Southern California Welcomes First Cannabis Drive-Thru Dispensary


Earlier this year, a man claimed to get “high as a kite” after a strange mix-up at a South Carolina Mcdonalds. Parrish Brown ordered some food and a sweet tea with extra lemon from the drive-thru. After some sips of his sweet tea, he started to feel the effects of cannabis. Once he opened up his sweet tea he realized the source of the problem: three bags of cannabis at the bottom of the cup. Brown believes he accidentally used a code word (extra lemon) and received a special treat.


Luckily for Southern California, misunderstandings are no longer the only way to get your cannabis from a drive-thru. Located in Desert Hot Springs, Harborside Dispensary has become SoCal’s first cannabis dispensary with a drive-thru. This will be the second drive-thru dispensary in the state, but first of two for Southern California. The grand opening was on December 7th, with appearances from co-founder Steve Deangelo and comedian Jim Belushi.

“Harborside has always been about pushing the boundaries of cannabis freedom as far as we can,” DeAngelo said.

This process will closely resemble one of a drive-thru pharmacy. A metal container will be the dividing factor between customers and budtenders. The driver will have to present their license to the budtender and have the option to pay with cash or debit.  An electronic menu will be alongside the car, while physical menus will be available through the metal container. Finally, customers will also have the option to place their order online and pick it up form the drive-thru.

Woman holding weed in her hand
Woman holding weed in her hand


This is only possible because Harborside planned well into the future. Technically, cannabis drive-thru’s are illegal in the state of California under Proposition 64. Any applications submitted before June 2018, however, with plans of a drive-thru will be exempt. Harborside happened to be one of two businesses to successfully do this.

The only other dispensary to successfully make this deadline was Highway 395 in Adelanto, CA. Recently, the dispensary was approved to move forward for construction in the city. Once open, the process will be very similar to other drive-thru dispensaries. The other California dispensary with a drive-thru can be found in Shasta Lake at a dispensary called Leave it to Nature.

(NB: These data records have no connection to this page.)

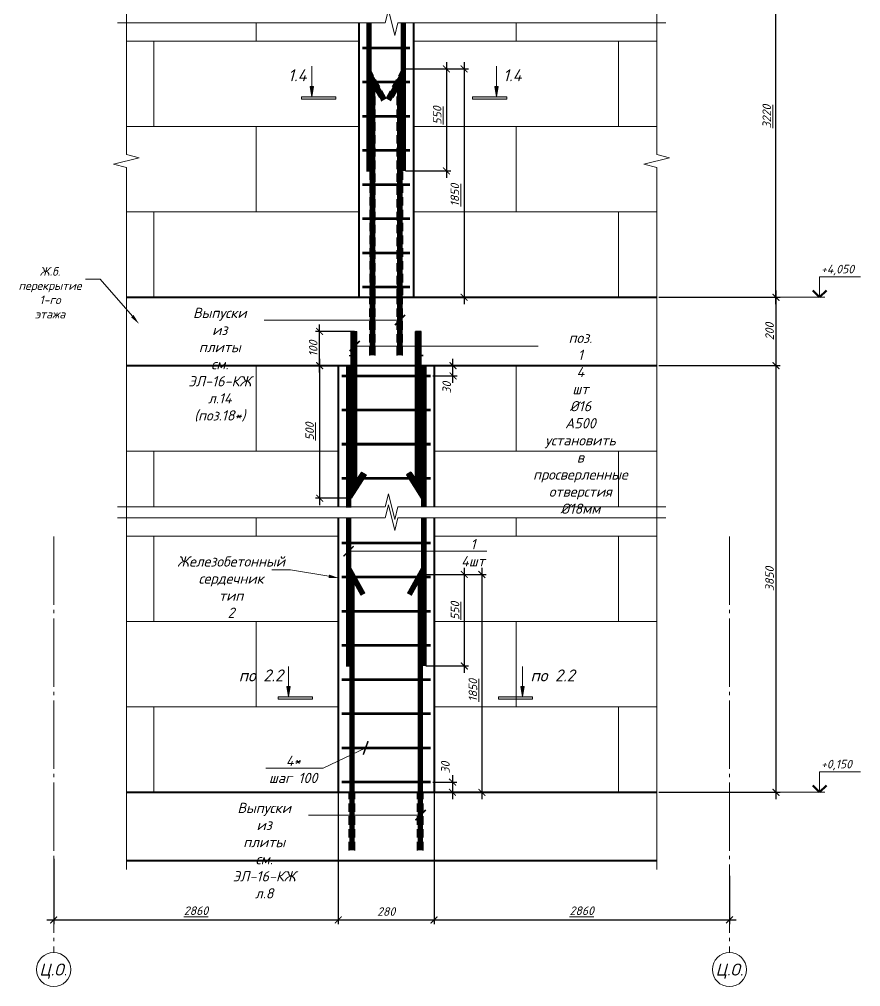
# Model space of a CAD drawing. Header units: millimetres. Extents: x -1807136 to 209800, y 0 to 410608.
# Drawn here: x 16825 to 19286, y 18326 to 21158 of the extents above; entities that cross this region are included whole.
import ezdxf
from ezdxf import colors
from ezdxf.entities.mleader import LeaderData, LeaderLine
from ezdxf.enums import TextEntityAlignment as Align
from ezdxf.math import Vec2, Vec3

# ---------------------------------------------------------------- set-up
doc = ezdxf.new("R2010")
doc.units = ezdxf.units.MM
doc.header["$PDMODE"] = 3
doc.linetypes.add('DASHED2', pattern=[0.375, 0.25, -0.125])
doc.linetypes.add('GOST2.303 5', pattern=[24, 20, -1.5, 1, -1.5])
doc.layers.get('0').update_dxf_attribs({"lineweight": 5})
doc.layers.get('Defpoints').update_dxf_attribs({"lineweight": 0})
for name, color, linetype, lineweight in [('#Dimensions', 7, 'Continuous', 9), ('#Арматура', 152, 'Continuous', 30), ('#Бетон разрез', 22, 'Continuous', 40), ('#Выноски', 7, 'Continuous', 15), ('#Газобетон вид', 150, 'Continuous', 18), ('#Оси', 7, 'Continuous', 9), ('#разм', 7, 'Continuous', 9), ('A-okno', 7, 'Continuous', 0), ('k_ Размеры', 7, 'Continuous', 15)]:
    doc.layers.add(name, color=color, linetype=linetype, lineweight=lineweight)
doc.layers.add('#Арматура вид_1', color=7, linetype='Continuous', lineweight=35, true_color=0x454545)
doc.layers.add('#Арматура вид_2', color=7, linetype='Continuous', lineweight=35, true_color=0x616161)
doc.styles.add('GOST 2.304', font='isocpeui.ttf')
doc.styles.add('STEP PR', font='isocpeui.ttf')
doc.dimstyles.new('SPDS', dxfattribs={"dimscale": 10, "dimtxt": 2.5, "dimasz": 2, "dimexe": 1.25, "dimexo": 0.625, "dimtad": 1, "dimdec": 0, "dimrnd": 0.001, "dimtxsty": 'STEP PR', "dimblk": 'ARCHTICK', "dimcen": 2.5, "dimdle": 2, "dimclrd": 256, "dimclre": 256, "dimclrt": 7, "dimadec": 0, "dimazin": 2, "dimtfac": 0.75, "dimtdec": 0, "dimtmove": 1, "dimatfit": 3, "dimfxl": 1, "dimtolj": 1, "dimarcsym": 1})

# ---------------------------------------------------------------- blocks, each defined once
blk = doc.blocks.new('_ArchTick')
at = {"color": 0, "linetype": 'ByBlock', "const_width": 0.15}
blk.add_lwpolyline([(-0.5, -0.5), (0.5, 0.5)], dxfattribs=at)
blk = doc.blocks.new('*D535')
at = {"layer": '#Dimensions', "lineweight": -2, "transparency": 16777216}
for p, q in [((17952.2, 21012.5), (18138.3, 21012.5)), ((18125.8, 21032.5), (18125.8, 20324.1)), ((17984.2, 20344.1), (18138.3, 20344.1))]:
    blk.add_line(p, q, dxfattribs=at)
at = {"layer": 'Defpoints', "color": 0, "transparency": 16777216}
for p in [(17945.9, 21012.5), (17977.9, 20344.1), (18125.8, 20344.1)]:
    blk.add_point(p, dxfattribs=at)
at = {"layer": '#Dimensions', "lineweight": -2, "transparency": 16777216, "xscale": 20, "yscale": 20, "zscale": 20}
for p, rotation in [((18125.8, 21012.5), 90), ((18125.8, 20344.1), 270)]:
    blk.add_blockref('_ArchTick', p, dxfattribs=dict(at, rotation=rotation))
at = {"layer": '#Dimensions', "transparency": 16777216, "insert": (18098.8, 20643.1), "char_height": 25, "attachment_point": 5, "rotation": 90, "style": 'STEP PR'}
blk.add_mtext('\\A1;\\L1850', dxfattribs=at)
blk = doc.blocks.new('*U113')
at = {"color": 0, "linetype": 'ByBlock', "lineweight": -2}
for p, q in [((68.511, 0), (68.823, 1.25)), ((68.823, 1.25), (69.448, -1.25)), ((68.511, 0), (0, 0)), ((69.448, -1.25), (69.761, 0)), ((138.271, 0), (69.761, 0))]:
    blk.add_line(p, q, dxfattribs=at)
blk = doc.blocks.new('*U425')
at = {"color": 0, "linetype": 'ByBlock', "lineweight": -2}
for p, q in [((68.511, 0), (68.823, 1.25)), ((68.823, 1.25), (69.448, -1.25)), ((68.511, 0), (0, 0)), ((69.448, -1.25), (69.761, 0)), ((138.271, 0), (69.761, 0))]:
    blk.add_line(p, q, dxfattribs=at)
blk = doc.blocks.new('*U97')
at = {"layer": '#разм', "ltscale": 100, "elevation": 0}
for points in [[(4577173, -920400), (4578375, -920400)], [(4577173, -921000), (4577173, -920400)], [(4575899, -921000), (4577323, -921000)]]:
    blk.add_lwpolyline(points, dxfattribs=at)
at = {"layer": 'A-okno', "color": 0, "lineweight": 50, "ltscale": 100, "elevation": 0}
for points in [[(4577173, -921000), (4576973, -920800)], [(4577173, -921000), (4577373, -920800)]]:
    blk.add_lwpolyline(points, dxfattribs=at)
at = {"layer": '#разм', "style": 'STEP PR'}
for tag, p in [('ОТМЕТКА', (4577216, -920299)), ('ПРИМЕЧАНИЕ', (4577314, -920711))]:
    blk.add_attdef(tag, p, '', height=250, dxfattribs=at)
blk = doc.blocks.new('*U108')
at = {"color": 0, "linetype": 'ByBlock', "lineweight": -2}
for p, q in [((26.107, 0), (26.419, 1.25)), ((26.419, 1.25), (27.044, -1.25)), ((26.107, 0), (0, 0)), ((27.044, -1.25), (27.357, 0)), ((53.463, 0), (27.357, 0))]:
    blk.add_line(p, q, dxfattribs=at)
blk = doc.blocks.new('*D536')
at = {"layer": '#Dimensions', "lineweight": -2, "transparency": 16777216}
for p, q in [((19038.1, 20324.1), (19038.1, 21422.3)), ((18695.7, 21402.3), (19050.6, 21402.3)), ((18695.7, 20344.1), (19050.6, 20344.1))]:
    blk.add_line(p, q, dxfattribs=at)
at = {"layer": 'Defpoints', "color": 0, "transparency": 16777216}
for p in [(18689.4, 21402.3), (19038.1, 21402.3), (18689.4, 20344.1)]:
    blk.add_point(p, dxfattribs=at)
at = {"layer": '#Dimensions', "lineweight": -2, "transparency": 16777216, "xscale": 20, "yscale": 20, "zscale": 20}
for p, rotation in [((19038.1, 21402.3), 90), ((19038.1, 20344.1), 270)]:
    blk.add_blockref('_ArchTick', p, dxfattribs=dict(at, rotation=rotation))
at = {"layer": '#Dimensions', "transparency": 16777216, "insert": (19011.1, 20873.2), "char_height": 25, "attachment_point": 5, "rotation": 90, "style": 'STEP PR'}
blk.add_mtext('\\A1;\\L3220\\P', dxfattribs=at)
blk = doc.blocks.new('*D546')
at = {"layer": 'Defpoints', "color": 0, "transparency": 16777216}
for p in [(17947.9, 21012.5), (17947.9, 20713.9), (18074.4, 20713.9)]:
    blk.add_point(p, dxfattribs=at)
at = {"layer": 'k_ Размеры', "lineweight": -2, "transparency": 16777216}
for p, q in [((17954.2, 21012.5), (18086.9, 21012.5)), ((18074.4, 21032.5), (18074.4, 20693.9)), ((17954.2, 20713.9), (18086.9, 20713.9))]:
    blk.add_line(p, q, dxfattribs=at)
at = {"layer": 'k_ Размеры', "lineweight": -2, "transparency": 16777216, "xscale": 20, "yscale": 20, "zscale": 20}
for p, rotation in [((18074.4, 21012.5), 90), ((18074.4, 20713.9), 270)]:
    blk.add_blockref('_ArchTick', p, dxfattribs=dict(at, rotation=rotation))
at = {"layer": 'k_ Размеры', "color": 7, "transparency": 16777216, "insert": (18047.2, 20876.2), "char_height": 25, "attachment_point": 5, "rotation": 90, "style": 'STEP PR'}
blk.add_mtext('\\A1;\\L550', dxfattribs=at)
blk = doc.blocks.new('*U114')
at = {"ltscale": 100}
h = blk.add_hatch(color=256, dxfattribs=at)
h.dxf.hatch_style = 1
h.paths.add_polyline_path([(1415, 1070), (1365, 1070), (1315, 1070), (1365, 770)])
h = blk.add_hatch(color=256, dxfattribs=at)
h.dxf.hatch_style = 1
h.paths.add_polyline_path([(1665, 700), (1665, 770), (665, 770), (665, 700)])
at = {"linetype": 'Continuous', "ltscale": 100}
for p, q in [((1365, 770), (1315, 1070)), ((1315, 1070), (1365, 1070)), ((1415, 1070), (1365, 1070)), ((1365, 770), (1415, 1070)), ((1665, 770), (665, 770)), ((665, 700), (1665, 700)), ((1665, 700), (1665, 770))]:
    blk.add_line(p, q, dxfattribs=at)
at = {"linetype": 'Continuous', "ltscale": 100, "extrusion": (1, -1e-16, 0), "elevation": 1365}
blk.add_lwpolyline([(1660, 0), (1070, 0)], dxfattribs=at)
at = {"linetype": 'Continuous', "ltscale": 100}
blk.add_lwpolyline([(665, 700), (665, 770)], dxfattribs=at)
at = {"ltscale": 100, "style": 'STEP PR'}
blk.add_attdef('Nh', text='', height=350, dxfattribs=at).set_placement((1799, 1222), align=Align.RIGHT)
blk = doc.blocks.new('*U105')
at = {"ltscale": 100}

California isn’t the first state to have this idea. A shop in Colorado named Tumbleweed became the first dispensary to open with a drive-thru back in 2017. Florida, Nevada, and Massachusetts all have plans to open cannabis drive-thru dispensaries soon.

Potential Problems

There are two main issues when it comes to this idea. The first is that drive-thrus take away from the customer experience by exchanging quality engagement for a speedy delivery. In other words, customers are going to have to have a general idea as to what they want before they get in line. Budtenders won’t be able to spend time with customers and find exactly what they’re looking for, the way they would inside the dispensary.

“How do you help them make a decision that doesn’t take away the No. 1 factor for a drive-thru, which is speed and convenience? You can’t have a 30-minute transaction,” said Conrad Gregory, a government relations and business development manager for Harborside.

This problem will get even worse during a busy tourist season, which is slowly growing for Coachella Valley. The area boasts over 40 dispensaries, and now one with a drive-thru will help encourage this increase in popularity. Southern California as a whole is blowing up for cannabis tourism. Los Angeles just opened up the worlds’ first cannabis cafe and Mike Tyson is getting ready to open his famous Tyson Ranch cannabis resort. The dispensary will continue to learn and adapt as they operate, despite a soft open back in November.

Another problem is dealing with cannabis on the road. The owners of Harborside acknowledged this problem, but quickly realized it’s no different than if the product was bought inside. On-site consumption is prohibited from all dispensaries under the Desert Hot Springs’ cannabis ordinance. It is also illegal to use cannabis in any way while operating a vehicle.

A Promising Future

There are five other Harborside locations, but unfortunately, they’re in the Bay Area and Oregon and don’t feature drive-thru windows. Regardless of the backlash, this still proves to be a huge milestone for both Southern California and the cannabis industry. It further proves how advanced and willing the state is towards this new culture. Before we know it, dispensaries and fast food restaurants are going to look the same. It’s only a matter of time before we can have our cannabis delivered by drones.